ASSIGNED TASK >> Could you return all of the entries word for word, minus any pictures?

======== RECORDS SHOWN ========

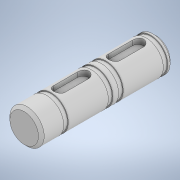
# Autodesk Inventor part: Shaft_stage_output
Saved by Autodesk Inventor 2020 (Build 240168000, 168)
## iProperties
Created: 2020-05-12
Part Number: Shaft_stage_output
Material: Generic
Document SubType Name: Sheet Metal
Designer: avi41
Density: 1 g/cm^3
Appearance: Default
Sheet Metal Rule: Default
Author: avi41
Autodesk Inventor part; units mm, degrees
ref_plane "YZ Plane" through (0, 0, 0) normal (1, 0, 0) x (0, 1, 0)
ref_plane "XY Plane" through (0, 0, 0) normal (0, 0, 1) x (1, 0, 0)
sketch "Sketch1" plane through (0, 0, 0) normal (0, 1, 0) x (-1, 0, 0)
  line L0 (0, -16.1) -> (0, 16.1) construction
  line L1 (-3.6, 0) -> (0.6, 0) construction
  line L2 (0, 11.5) -> (-3, 11.5)
  line L3 (-3, 11.5) -> (-3, -11.5)
  line L4 (-3, -11.5) -> (0, -11.5)
  line L5 (0, 11.5) -> (0, -11.5)
  point P0 (0, 0)
  dimension "d0" = 3
  dimension "d1" = 23
  constraints: 8 end point, 3 perpendicular, 2 point on line, 1 horizontal, 1 other
  measures "d0" distance of L3.end L4.end
  measures "d1" distance of L2.end L3.end
revolve "Revolution1" add sketch "Sketch1" angle 360 about axis through (0, 0, 11.5) along (0, 0, -1)
sketch "Sketch2" plane through (0, 0, 0) normal (0, 1, 0) x (-1, 0, 0)
  line L0 (3, -9.625) -> (-3, -9.625) construction
  line L1 (0, -16.1) -> (0, 16.1) construction
  line L2 (-4.2, 0) -> (4.2, 0) construction
  line L3 (-3, 6.8) -> (-2.85, 6.8)
  line L4 (-2.85, 6.8) -> (-2.85, 7.6)
  line L5 (-2.85, 7.6) -> (-3, 7.6)
  line L6 (-3, 7.6) -> (-3, 6.8)
  line L7 (3, -11.5) -> (-3, -11.5) projected
  line L8 (-3, 6.8) -> (-3, 7.6)
  line L9 (-3, -0.2) -> (-2.85, -0.2)
  line L10 (-2.85, -0.2) -> (-2.85, -1)
  line L11 (-2.85, -1) -> (-3, -1)
  line L12 (-3, -1) -> (-3, -0.2)
  line L13 (-3, -2) -> (-2.85, -2)
  line L14 (-2.85, -2) -> (-2.85, -2.8)
  line L15 (-2.85, -2.8) -> (-3, -2.8)
  line L16 (-3, -2.8) -> (-3, -2)
  line L17 (-3, -9.8) -> (-2.85, -9.8)
  line L18 (-2.85, -9.8) -> (-2.85, -10.6)
  line L19 (-2.85, -10.6) -> (-3, -10.6)
  line L20 (-3, -10.6) -> (-3, -9.8)
  line L21 (3, -11.5) -> (-3, -11.5) projected
  line L22 (3, 11.5) -> (-3, 11.5) projected
  line L23 (-3, -11.5) -> (-3, 11.5) projected
  dimension "d34" = 0.8
  dimension "d35" = 2.85
  dimension "d57" = 7
  dimension "d58" = 7
  dimension "d59" = 1
  dimension "d70" = 0.975
  constraints: 34 end point, 10 collinear, 8 parallel, 4 horizontal, 4 perpendicular, 1 other
  measures "d34" distance of L3.end L4.end
  measures "d35" distance between parallel lines of L1 L4
  measures "d57" distance between parallel lines of L3 L9
  measures "d58" distance from line of L17 L14.end
  measures "d59" distance between parallel lines of L11 L13
revolve "Revolution2" cut sketch "Sketch2" angle 360 about axis through (0, 0, 0) along (0, 0, 1)
ref_plane "Work Plane2" through (0, 3, 0) normal (0, 1, 0) x (-1, 0, 0)
sketch "Sketch4" plane through (0, 3, 0) normal (0, 1, 0) x (-1, 0, 0)
  line L0 (0, -16.1) -> (0, 16.1) construction
  line L1 (1, -8.375) -> (1, -4.225)
  line L2 (-1, -4.225) -> (-1, -8.375)
  arc A0 (-1, -8.375) -> (1, -8.375) centre (0, -8.375) ccw
  arc A1 (1, -4.225) -> (-1, -4.225) centre (0, -4.225) ccw
  line L3 (3, -11.5) -> (-3, -11.5) projected
  line L4 (-1, -6.3) -> (1, -6.3) construction
  line L5 (-3, -2.8) -> (3, -2.8) construction
  line L6 (3, -9.8) -> (-3, -9.8) construction
  line L7 (-3, -1) -> (3, -1) construction
  line L8 (3, -2) -> (-3, -2) construction
  line L9 (-3, -2) -> (-3, -1) projected
  line L10 (-3, -1.5) -> (3, -1.5) construction
  line L11 (1, 5.375) -> (1, 1.225)
  line L12 (-1, 1.225) -> (-1, 5.375)
  arc A2 (1, 5.375) -> (-1, 5.375) centre (0, 5.375) ccw
  arc A3 (-1, 1.225) -> (1, 1.225) centre (0, 1.225) ccw
  line L13 (-1, 3.3) -> (1, 3.3) construction
  point P0 (0, 0)
  dimension "d49" = 6.15
  dimension "d50" = 1
  dimension "d60" = 3.5
  dimension "d61" = 3.5
  constraints: 14 end point, 8 point on circle, 8 symmetric about line, 4 centre point, 3 midpoint, 3 tangent, 2 point on line, 1 horizontal, 1 parallel, 3 other
  measures "d50" radius of A0
  measures "d60" distance between parallel lines of L4 L6
  measures "d61" distance between parallel lines of L5 L4
extrude "Extrusion2" cut sketch "Sketch4" against normal blind 1
chamfer "Chamfer3" distance 0.5 angle 45 2 edges at (-3, 0, -11.5) (-3, 0, 11.5)
equation "\"module\" = 1"
equation "\"pressure_ang\" = 30deg"
equation "\"pitch\" = 3.1416 * module"
equation "\"addendum\" = 0.45 * module"
equation "\"dedendum\" = 0.65 * module"
equation "\"tooth_depth\" = addendum + dedendum"
equation "\"addendum_mod_shaft\" = 0.45 * module"
equation "\"root_fillet_r\" = 0.16 * module"
equation "\"addendum_mod_hub\" = -addendum_mod_shaft"
equation "\"nom_space_t_hub\" = nom_tooth_t_shaft"
equation "\"nom_tooth_t_shaft\" = 2.090415"
body "Solid1"

========

EXERCISE ANSWER >>
# Autodesk Inventor part: Shaft_stage_output
Saved by Autodesk Inventor 2020 (Build 240168000, 168)
## iProperties
Created: 2020-05-12
Part Number: Shaft_stage_output
Material: Generic
Document SubType Name: Sheet Metal
Designer: avi41
Density: 1 g/cm^3
Appearance: Default
Sheet Metal Rule: Default
Author: avi41
Autodesk Inventor part; units mm, degrees
ref_plane "YZ Plane" through (0, 0, 0) normal (1, 0, 0) x (0, 1, 0)
ref_plane "XY Plane" through (0, 0, 0) normal (0, 0, 1) x (1, 0, 0)
sketch "Sketch1" plane through (0, 0, 0) normal (0, 1, 0) x (-1, 0, 0)
  line L0 (0, -16.1) -> (0, 16.1) construction
  line L1 (-3.6, 0) -> (0.6, 0) construction
  line L2 (0, 11.5) -> (-3, 11.5)
  line L3 (-3, 11.5) -> (-3, -11.5)
  line L4 (-3, -11.5) -> (0, -11.5)
  line L5 (0, 11.5) -> (0, -11.5)
  point P0 (0, 0)
  dimension "d0" = 3
  dimension "d1" = 23
  constraints: 8 end point, 3 perpendicular, 2 point on line, 1 horizontal, 1 other
  measures "d0" distance of L3.end L4.end
  measures "d1" distance of L2.end L3.end
revolve "Revolution1" add sketch "Sketch1" angle 360 about axis through (0, 0, 11.5) along (0, 0, -1)
sketch "Sketch2" plane through (0, 0, 0) normal (0, 1, 0) x (-1, 0, 0)
  line L0 (3, -9.625) -> (-3, -9.625) construction
  line L1 (0, -16.1) -> (0, 16.1) construction
  line L2 (-4.2, 0) -> (4.2, 0) construction
  line L3 (-3, 6.8) -> (-2.85, 6.8)
  line L4 (-2.85, 6.8) -> (-2.85, 7.6)
  line L5 (-2.85, 7.6) -> (-3, 7.6)
  line L6 (-3, 7.6) -> (-3, 6.8)
  line L7 (3, -11.5) -> (-3, -11.5) projected
  line L8 (-3, 6.8) -> (-3, 7.6)
  line L9 (-3, -0.2) -> (-2.85, -0.2)
  line L10 (-2.85, -0.2) -> (-2.85, -1)
  line L11 (-2.85, -1) -> (-3, -1)
  line L12 (-3, -1) -> (-3, -0.2)
  line L13 (-3, -2) -> (-2.85, -2)
  line L14 (-2.85, -2) -> (-2.85, -2.8)
  line L15 (-2.85, -2.8) -> (-3, -2.8)
  line L16 (-3, -2.8) -> (-3, -2)
  line L17 (-3, -9.8) -> (-2.85, -9.8)
  line L18 (-2.85, -9.8) -> (-2.85, -10.6)
  line L19 (-2.85, -10.6) -> (-3, -10.6)
  line L20 (-3, -10.6) -> (-3, -9.8)
  line L21 (3, -11.5) -> (-3, -11.5) projected
  line L22 (3, 11.5) -> (-3, 11.5) projected
  line L23 (-3, -11.5) -> (-3, 11.5) projected
  dimension "d34" = 0.8
  dimension "d35" = 2.85
  dimension "d57" = 7
  dimension "d58" = 7
  dimension "d59" = 1
  dimension "d70" = 0.975
  constraints: 34 end point, 10 collinear, 8 parallel, 4 horizontal, 4 perpendicular, 1 other
  measures "d34" distance of L3.end L4.end
  measures "d35" distance between parallel lines of L1 L4
  measures "d57" distance between parallel lines of L3 L9
  measures "d58" distance from line of L17 L14.end
  measures "d59" distance between parallel lines of L11 L13
revolve "Revolution2" cut sketch "Sketch2" angle 360 about axis through (0, 0, 0) along (0, 0, 1)
ref_plane "Work Plane2" through (0, 3, 0) normal (0, 1, 0) x (-1, 0, 0)
sketch "Sketch4" plane through (0, 3, 0) normal (0, 1, 0) x (-1, 0, 0)
  line L0 (0, -16.1) -> (0, 16.1) construction
  line L1 (1, -8.375) -> (1, -4.225)
  line L2 (-1, -4.225) -> (-1, -8.375)
  arc A0 (-1, -8.375) -> (1, -8.375) centre (0, -8.375) ccw
  arc A1 (1, -4.225) -> (-1, -4.225) centre (0, -4.225) ccw
  line L3 (3, -11.5) -> (-3, -11.5) projected
  line L4 (-1, -6.3) -> (1, -6.3) construction
  line L5 (-3, -2.8) -> (3, -2.8) construction
  line L6 (3, -9.8) -> (-3, -9.8) construction
  line L7 (-3, -1) -> (3, -1) construction
  line L8 (3, -2) -> (-3, -2) construction
  line L9 (-3, -2) -> (-3, -1) projected
  line L10 (-3, -1.5) -> (3, -1.5) construction
  line L11 (1, 5.375) -> (1, 1.225)
  line L12 (-1, 1.225) -> (-1, 5.375)
  arc A2 (1, 5.375) -> (-1, 5.375) centre (0, 5.375) ccw
  arc A3 (-1, 1.225) -> (1, 1.225) centre (0, 1.225) ccw
  line L13 (-1, 3.3) -> (1, 3.3) construction
  point P0 (0, 0)
  dimension "d49" = 6.15
  dimension "d50" = 1
  dimension "d60" = 3.5
  dimension "d61" = 3.5
  constraints: 14 end point, 8 point on circle, 8 symmetric about line, 4 centre point, 3 midpoint, 3 tangent, 2 point on line, 1 horizontal, 1 parallel, 3 other
  measures "d50" radius of A0
  measures "d60" distance between parallel lines of L4 L6
  measures "d61" distance between parallel lines of L5 L4
extrude "Extrusion2" cut sketch "Sketch4" against normal blind 1
chamfer "Chamfer3" distance 0.5 angle 45 2 edges at (-3, 0, -11.5) (-3, 0, 11.5)
equation "\"module\" = 1"
equation "\"pressure_ang\" = 30deg"
equation "\"pitch\" = 3.1416 * module"
equation "\"addendum\" = 0.45 * module"
equation "\"dedendum\" = 0.65 * module"
equation "\"tooth_depth\" = addendum + dedendum"
equation "\"addendum_mod_shaft\" = 0.45 * module"
equation "\"root_fillet_r\" = 0.16 * module"
equation "\"addendum_mod_hub\" = -addendum_mod_shaft"
equation "\"nom_space_t_hub\" = nom_tooth_t_shaft"
equation "\"nom_tooth_t_shaft\" = 2.090415"
body "Solid1"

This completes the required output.